══ Exercise data ══

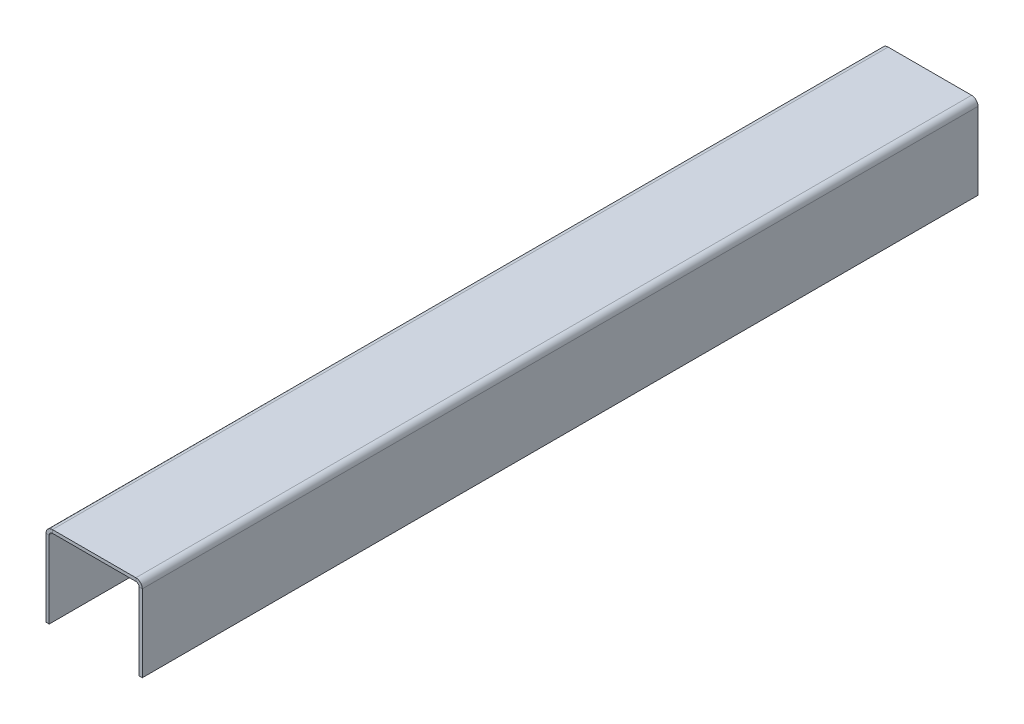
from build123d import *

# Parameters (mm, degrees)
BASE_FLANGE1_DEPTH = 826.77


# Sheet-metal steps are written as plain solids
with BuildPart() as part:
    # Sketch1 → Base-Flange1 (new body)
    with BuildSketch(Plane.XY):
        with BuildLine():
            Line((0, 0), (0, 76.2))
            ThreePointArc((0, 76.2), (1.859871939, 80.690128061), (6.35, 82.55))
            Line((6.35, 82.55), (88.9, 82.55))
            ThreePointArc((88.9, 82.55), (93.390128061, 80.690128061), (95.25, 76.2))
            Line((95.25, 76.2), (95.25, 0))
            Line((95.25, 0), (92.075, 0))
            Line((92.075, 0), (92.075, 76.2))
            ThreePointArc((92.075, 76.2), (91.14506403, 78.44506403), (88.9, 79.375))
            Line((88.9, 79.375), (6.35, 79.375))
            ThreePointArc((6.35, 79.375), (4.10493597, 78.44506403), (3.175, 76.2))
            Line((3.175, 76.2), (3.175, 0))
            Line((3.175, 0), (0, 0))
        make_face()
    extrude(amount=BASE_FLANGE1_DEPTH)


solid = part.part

═══

Any picture found in the data is to be skipped while the rest is copied exactly.

from build123d import *

# Parameters (mm, degrees)
BASE_FLANGE1_DEPTH = 826.77


# Sheet-metal steps are written as plain solids
with BuildPart() as part:
    # Sketch1 → Base-Flange1 (new body)
    with BuildSketch(Plane.XY):
        with BuildLine():
            Line((0, 0), (0, 76.2))
            ThreePointArc((0, 76.2), (1.859871939, 80.690128061), (6.35, 82.55))
            Line((6.35, 82.55), (88.9, 82.55))
            ThreePointArc((88.9, 82.55), (93.390128061, 80.690128061), (95.25, 76.2))
            Line((95.25, 76.2), (95.25, 0))
            Line((95.25, 0), (92.075, 0))
            Line((92.075, 0), (92.075, 76.2))
            ThreePointArc((92.075, 76.2), (91.14506403, 78.44506403), (88.9, 79.375))
            Line((88.9, 79.375), (6.35, 79.375))
            ThreePointArc((6.35, 79.375), (4.10493597, 78.44506403), (3.175, 76.2))
            Line((3.175, 76.2), (3.175, 0))
            Line((3.175, 0), (0, 0))
        make_face()
    extrude(amount=BASE_FLANGE1_DEPTH)


solid = part.part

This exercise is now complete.